Photo by MANDEL NGAN/AFP/Getty Images

I mostly know liberals in this town, but last night I got a chance to hear an intelligent conservative's skeptical take on the kind of fiscal cliff deal the White House has been pushing for this week and it's worth sharing.

The way this guy saw it, Obama has put about $1.2 trillion of spending cuts on the table but he's essentially triple-counting them. On the one hand, these cuts are supposed to offset the scheduled budget sequester cuts. On the other hand, these cuts are supposed to create a 1:1 ratio of spending cuts to tax hikes as part of a "balanced" deficit reduction package. And then on the third hand, these cuts constitute the pound of flesh extracted from the administration in exchange for raising the debt ceiling.

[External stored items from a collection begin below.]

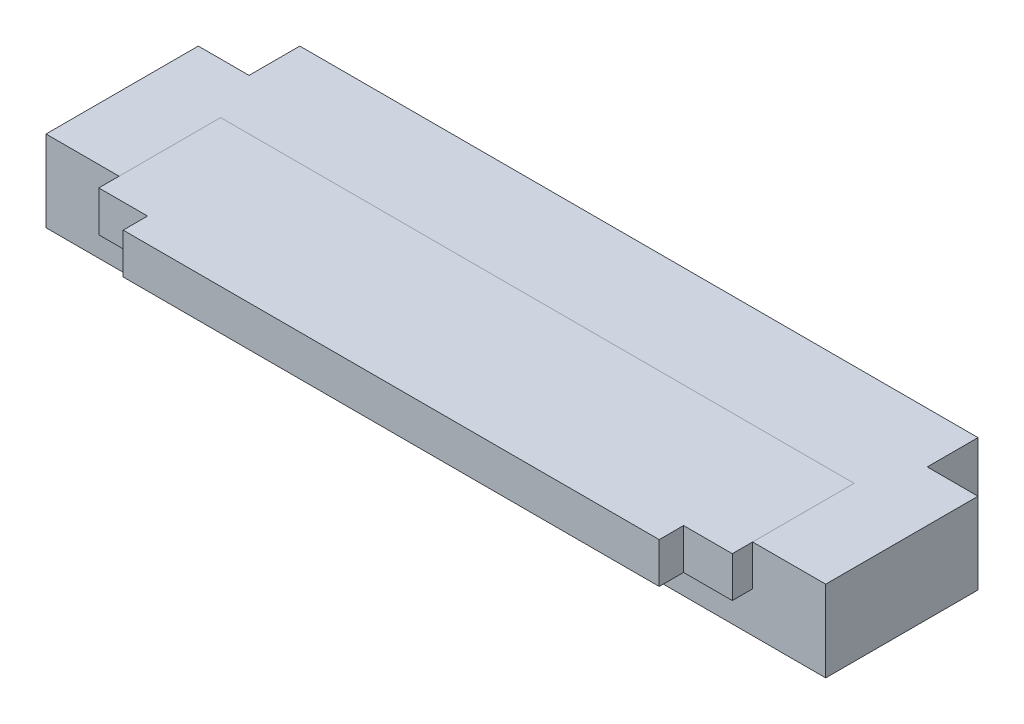
ISO-10303-21;
HEADER;
FILE_DESCRIPTION(('STEP AP214'),'2;1');
FILE_NAME('part.step','',(''),(''),'','','');
FILE_SCHEMA(('AUTOMOTIVE_DESIGN { 1 0 10303 214 1 1 1 1 }'));
ENDSEC;
DATA;
#1=APPLICATION_CONTEXT('core data for automotive mechanical design processes');
#2=APPLICATION_PROTOCOL_DEFINITION('international standard','automotive_design',2000,#1);
#3=PRODUCT_CONTEXT('',#1,'mechanical');
#4=PRODUCT('Part','Part','',(#3));
#5=PRODUCT_RELATED_PRODUCT_CATEGORY('part','',(#4));
#6=PRODUCT_DEFINITION_FORMATION('','',#4);
#7=PRODUCT_DEFINITION_CONTEXT('part definition',#1,'design');
#8=PRODUCT_DEFINITION('design','',#6,#7);
#9=PRODUCT_DEFINITION_SHAPE('','',#8);
#10=(LENGTH_UNIT() NAMED_UNIT(*) SI_UNIT(.MILLI.,.METRE.));
#11=(NAMED_UNIT(*) PLANE_ANGLE_UNIT() SI_UNIT($,.RADIAN.));
#12=(NAMED_UNIT(*) SI_UNIT($,.STERADIAN.) SOLID_ANGLE_UNIT());
#13=UNCERTAINTY_MEASURE_WITH_UNIT(LENGTH_MEASURE(1.E-05),#10,'distance_accuracy_value','');
#14=(GEOMETRIC_REPRESENTATION_CONTEXT(3) GLOBAL_UNCERTAINTY_ASSIGNED_CONTEXT((#13)) GLOBAL_UNIT_ASSIGNED_CONTEXT((#10,
#11,#12)) REPRESENTATION_CONTEXT('',''));
#15=CARTESIAN_POINT('',(0.,0.,0.));
#16=DIRECTION('',(0.,0.,1.));
#17=DIRECTION('',(1.,0.,0.));
#18=AXIS2_PLACEMENT_3D('',#15,#16,#17);
#19=CARTESIAN_POINT('',(-3.8999999978,0.4999999906,0.));
#20=DIRECTION('',(0.,1.,0.));
#21=DIRECTION('',(0.,0.,1.));
#22=AXIS2_PLACEMENT_3D('',#19,#20,#21);
#23=PLANE('',#22);
#24=DIRECTION('',(-1.,0.,0.));
#25=VECTOR('',#24,1.);
#26=CARTESIAN_POINT('',(0.,0.4999999906,0.));
#27=LINE('',#26,#25);
#28=CARTESIAN_POINT('',(3.8999999978,0.4999999906,0.));
#29=VERTEX_POINT('',#28);
#30=CARTESIAN_POINT('',(-3.8999999978,0.4999999906,0.));
#31=VERTEX_POINT('',#30);
#32=EDGE_CURVE('P0_E104',#29,#31,#27,.T.);
#33=ORIENTED_EDGE('',*,*,#32,.T.);
#34=DIRECTION('',(0.,0.,1.));
#35=VECTOR('',#34,1.);
#36=CARTESIAN_POINT('',(-3.8999999978,0.4999999906,0.6249999946));
#37=LINE('',#36,#35);
#38=CARTESIAN_POINT('',(-3.89999999859375,0.499999993775,1.2499999892));
#39=VERTEX_POINT('',#38);
#40=EDGE_CURVE('P0_E20',#31,#39,#37,.T.);
#41=ORIENTED_EDGE('',*,*,#40,.T.);
#42=DIRECTION('',(1.,0.,0.));
#43=VECTOR('',#42,1.);
#44=CARTESIAN_POINT('',(0.,0.5000000033,1.2499999892));
#45=LINE('',#44,#43);
#46=CARTESIAN_POINT('',(3.89999999859375,0.499999993775,1.2499999892));
#47=VERTEX_POINT('',#46);
#48=EDGE_CURVE('P0_E132',#39,#47,#45,.T.);
#49=ORIENTED_EDGE('',*,*,#48,.T.);
#50=DIRECTION('',(0.,0.,-1.));
#51=VECTOR('',#50,1.);
#52=CARTESIAN_POINT('',(3.8999999978,0.4999999906,0.6249999946));
#53=LINE('',#52,#51);
#54=EDGE_CURVE('P0_E121',#47,#29,#53,.T.);
#55=ORIENTED_EDGE('',*,*,#54,.T.);
#56=EDGE_LOOP('',(#33,#41,#49,#55));
#57=FACE_BOUND('',#56,.T.);
#58=ADVANCED_FACE('P0_F16',(#57),#23,.T.);
#59=CARTESIAN_POINT('',(-3.8999999978,0.4999999906,0.));
#60=DIRECTION('',(-1.,0.,0.));
#61=DIRECTION('',(0.,0.,1.));
#62=AXIS2_PLACEMENT_3D('',#59,#60,#61);
#63=PLANE('',#62);
#64=DIRECTION('',(0.,1.,0.));
#65=VECTOR('',#64,1.);
#66=CARTESIAN_POINT('',(-3.8999999978,0.7499999986,0.));
#67=LINE('',#66,#65);
#68=CARTESIAN_POINT('',(-3.89999999859375,1.0000000066,0.));
#69=VERTEX_POINT('',#68);
#70=EDGE_CURVE('P0_E112',#31,#69,#67,.T.);
#71=ORIENTED_EDGE('',*,*,#70,.T.);
#72=DIRECTION('',(0.,0.,-1.));
#73=VECTOR('',#72,1.);
#74=CARTESIAN_POINT('',(-3.900000000975,1.0000000066,0.));
#75=LINE('',#74,#73);
#76=CARTESIAN_POINT('',(-3.8999999993875,1.0000000066,1.2499999892));
#77=VERTEX_POINT('',#76);
#78=EDGE_CURVE('P0_E152',#77,#69,#75,.T.);
#79=ORIENTED_EDGE('',*,*,#78,.F.);
#80=DIRECTION('',(0.,-1.,0.));
#81=VECTOR('',#80,1.);
#82=CARTESIAN_POINT('',(-3.900000000975,0.5000000033,1.2499999892));
#83=LINE('',#82,#81);
#84=EDGE_CURVE('P0_E114',#77,#39,#83,.T.);
#85=ORIENTED_EDGE('',*,*,#84,.T.);
#86=ORIENTED_EDGE('',*,*,#40,.F.);
#87=EDGE_LOOP('',(#71,#79,#85,#86));
#88=FACE_BOUND('',#87,.T.);
#89=ADVANCED_FACE('P0_F110',(#88),#63,.F.);
#90=CARTESIAN_POINT('',(3.8999999978,0.4999999906,0.));
#91=DIRECTION('',(0.,0.,-1.));
#92=DIRECTION('',(-1.,0.,0.));
#93=AXIS2_PLACEMENT_3D('',#90,#91,#92);
#94=PLANE('',#93);
#95=DIRECTION('',(0.,1.,0.));
#96=VECTOR('',#95,1.);
#97=CARTESIAN_POINT('',(3.8999999978,0.7499999986,0.));
#98=LINE('',#97,#96);
#99=CARTESIAN_POINT('',(3.89999999859375,1.0000000066,0.));
#100=VERTEX_POINT('',#99);
#101=EDGE_CURVE('P0_E123',#29,#100,#98,.T.);
#102=ORIENTED_EDGE('',*,*,#101,.T.);
#103=DIRECTION('',(1.,0.,0.));
#104=VECTOR('',#103,1.);
#105=CARTESIAN_POINT('',(0.,1.0000000066,0.));
#106=LINE('',#105,#104);
#107=EDGE_CURVE('P0_E119',#69,#100,#106,.T.);
#108=ORIENTED_EDGE('',*,*,#107,.F.);
#109=ORIENTED_EDGE('',*,*,#70,.F.);
#110=ORIENTED_EDGE('',*,*,#32,.F.);
#111=EDGE_LOOP('',(#102,#108,#109,#110));
#112=FACE_BOUND('',#111,.T.);
#113=ADVANCED_FACE('P0_F118',(#112),#94,.F.);
#114=CARTESIAN_POINT('',(3.8999999978,0.4999999906,1.2499999892));
#115=DIRECTION('',(1.,0.,0.));
#116=DIRECTION('',(0.,0.,-1.));
#117=AXIS2_PLACEMENT_3D('',#114,#115,#116);
#118=PLANE('',#117);
#119=ORIENTED_EDGE('',*,*,#101,.F.);
#120=ORIENTED_EDGE('',*,*,#54,.F.);
#121=DIRECTION('',(0.,1.,0.));
#122=VECTOR('',#121,1.);
#123=CARTESIAN_POINT('',(3.900000000975,0.5000000033,1.2499999892));
#124=LINE('',#123,#122);
#125=CARTESIAN_POINT('',(3.8999999993875,1.0000000066,1.2499999892));
#126=VERTEX_POINT('',#125);
#127=EDGE_CURVE('P0_E127',#47,#126,#124,.T.);
#128=ORIENTED_EDGE('',*,*,#127,.T.);
#129=DIRECTION('',(0.,0.,1.));
#130=VECTOR('',#129,1.);
#131=CARTESIAN_POINT('',(3.900000000975,1.0000000066,0.));
#132=LINE('',#131,#130);
#133=EDGE_CURVE('P0_E155',#100,#126,#132,.T.);
#134=ORIENTED_EDGE('',*,*,#133,.F.);
#135=EDGE_LOOP('',(#119,#120,#128,#134));
#136=FACE_BOUND('',#135,.T.);
#137=ADVANCED_FACE('P0_F221',(#136),#118,.F.);
#138=CARTESIAN_POINT('',(4.8000000012,0.,1.2499999892));
#139=DIRECTION('',(0.,0.,-1.));
#140=DIRECTION('',(-1.,0.,0.));
#141=AXIS2_PLACEMENT_3D('',#138,#139,#140);
#142=PLANE('',#141);
#143=ORIENTED_EDGE('',*,*,#84,.F.);
#144=DIRECTION('',(1.,0.,0.));
#145=VECTOR('',#144,1.);
#146=CARTESIAN_POINT('',(0.,1.0000000066,1.2499999892));
#147=LINE('',#146,#145);
#148=CARTESIAN_POINT('',(-4.8000000012,1.0000000066,1.2499999892));
#149=VERTEX_POINT('',#148);
#150=EDGE_CURVE('P0_E171',#149,#77,#147,.T.);
#151=ORIENTED_EDGE('',*,*,#150,.F.);
#152=DIRECTION('',(0.,1.,0.));
#153=VECTOR('',#152,1.);
#154=CARTESIAN_POINT('',(-4.8000000012,0.5000000033,1.2499999892));
#155=LINE('',#154,#153);
#156=CARTESIAN_POINT('',(-4.8000000012,0.,1.2499999892));
#157=VERTEX_POINT('',#156);
#158=EDGE_CURVE('P0_E35',#157,#149,#155,.T.);
#159=ORIENTED_EDGE('',*,*,#158,.F.);
#160=DIRECTION('',(1.,0.,0.));
#161=VECTOR('',#160,1.);
#162=CARTESIAN_POINT('',(0.,0.,1.2499999892));
#163=LINE('',#162,#161);
#164=CARTESIAN_POINT('',(4.8000000012,0.,1.2499999892));
#165=VERTEX_POINT('',#164);
#166=EDGE_CURVE('P0_E174',#157,#165,#163,.T.);
#167=ORIENTED_EDGE('',*,*,#166,.T.);
#168=DIRECTION('',(0.,1.,0.));
#169=VECTOR('',#168,1.);
#170=CARTESIAN_POINT('',(4.8000000012,0.5000000033,1.2499999892));
#171=LINE('',#170,#169);
#172=CARTESIAN_POINT('',(4.8000000012,1.0000000066,1.2499999892));
#173=VERTEX_POINT('',#172);
#174=EDGE_CURVE('P0_E134',#165,#173,#171,.T.);
#175=ORIENTED_EDGE('',*,*,#174,.T.);
#176=DIRECTION('',(1.,0.,0.));
#177=VECTOR('',#176,1.);
#178=CARTESIAN_POINT('',(0.,1.0000000066,1.2499999892));
#179=LINE('',#178,#177);
#180=EDGE_CURVE('P0_E157',#126,#173,#179,.T.);
#181=ORIENTED_EDGE('',*,*,#180,.F.);
#182=ORIENTED_EDGE('',*,*,#127,.F.);
#183=ORIENTED_EDGE('',*,*,#48,.F.);
#184=EDGE_LOOP('',(#143,#151,#159,#167,#175,#181,#182,#183));
#185=FACE_BOUND('',#184,.T.);
#186=ADVANCED_FACE('P0_F212',(#185),#142,.F.);
#187=CARTESIAN_POINT('',(4.8000000012,0.,-0.6249999946));
#188=DIRECTION('',(-1.,0.,0.));
#189=DIRECTION('',(0.,0.,1.));
#190=AXIS2_PLACEMENT_3D('',#187,#188,#189);
#191=PLANE('',#190);
#192=DIRECTION('',(0.,1.,0.));
#193=VECTOR('',#192,1.);
#194=CARTESIAN_POINT('',(4.8000000012,0.5000000033,-0.6249999946));
#195=LINE('',#194,#193);
#196=CARTESIAN_POINT('',(4.8000000012,0.,-0.6249999946));
#197=VERTEX_POINT('',#196);
#198=CARTESIAN_POINT('',(4.8000000012,1.0000000066,-0.6249999946));
#199=VERTEX_POINT('',#198);
#200=EDGE_CURVE('P0_E137',#197,#199,#195,.T.);
#201=ORIENTED_EDGE('',*,*,#200,.T.);
#202=DIRECTION('',(0.,0.,-1.));
#203=VECTOR('',#202,1.);
#204=CARTESIAN_POINT('',(4.8000000012,1.0000000066,0.));
#205=LINE('',#204,#203);
#206=EDGE_CURVE('P0_E159',#173,#199,#205,.T.);
#207=ORIENTED_EDGE('',*,*,#206,.F.);
#208=ORIENTED_EDGE('',*,*,#174,.F.);
#209=DIRECTION('',(0.,0.,-1.));
#210=VECTOR('',#209,1.);
#211=CARTESIAN_POINT('',(4.8000000012,0.,0.));
#212=LINE('',#211,#210);
#213=EDGE_CURVE('P0_E176',#165,#197,#212,.T.);
#214=ORIENTED_EDGE('',*,*,#213,.T.);
#215=EDGE_LOOP('',(#201,#207,#208,#214));
#216=FACE_BOUND('',#215,.T.);
#217=ADVANCED_FACE('P0_F217',(#216),#191,.F.);
#218=CARTESIAN_POINT('',(4.1750000066,0.,-0.6249999946));
#219=DIRECTION('',(0.,0.,1.));
#220=DIRECTION('',(1.,0.,0.));
#221=AXIS2_PLACEMENT_3D('',#218,#219,#220);
#222=PLANE('',#221);
#223=DIRECTION('',(0.,1.,0.));
#224=VECTOR('',#223,1.);
#225=CARTESIAN_POINT('',(4.1750000066,0.5000000033,-0.6249999946));
#226=LINE('',#225,#224);
#227=CARTESIAN_POINT('',(4.17500000441094,0.,-0.6249999946));
#228=VERTEX_POINT('',#227);
#229=CARTESIAN_POINT('',(4.17500000441094,1.0000000066,-0.6249999946));
#230=VERTEX_POINT('',#229);
#231=EDGE_CURVE('P0_E140',#228,#230,#226,.T.);
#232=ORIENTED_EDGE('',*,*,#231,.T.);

Within that framework, it looks a lot smarter for conservatives to just give Obama the $800 billion or so in revenue that would occur if the House passes the already-passed Senate bill to extend the middle class tax cuts and simply lets the high-end cuts expire. Then Obama's raised $400 billion less in revenue than he wants, the GOP perhaps preserves leverage over the debt ceiling, and with the sequester cuts implemented by default Republicans can insist on a 1:1 ratio of new cuts for old cuts if Obama wants to rescind it.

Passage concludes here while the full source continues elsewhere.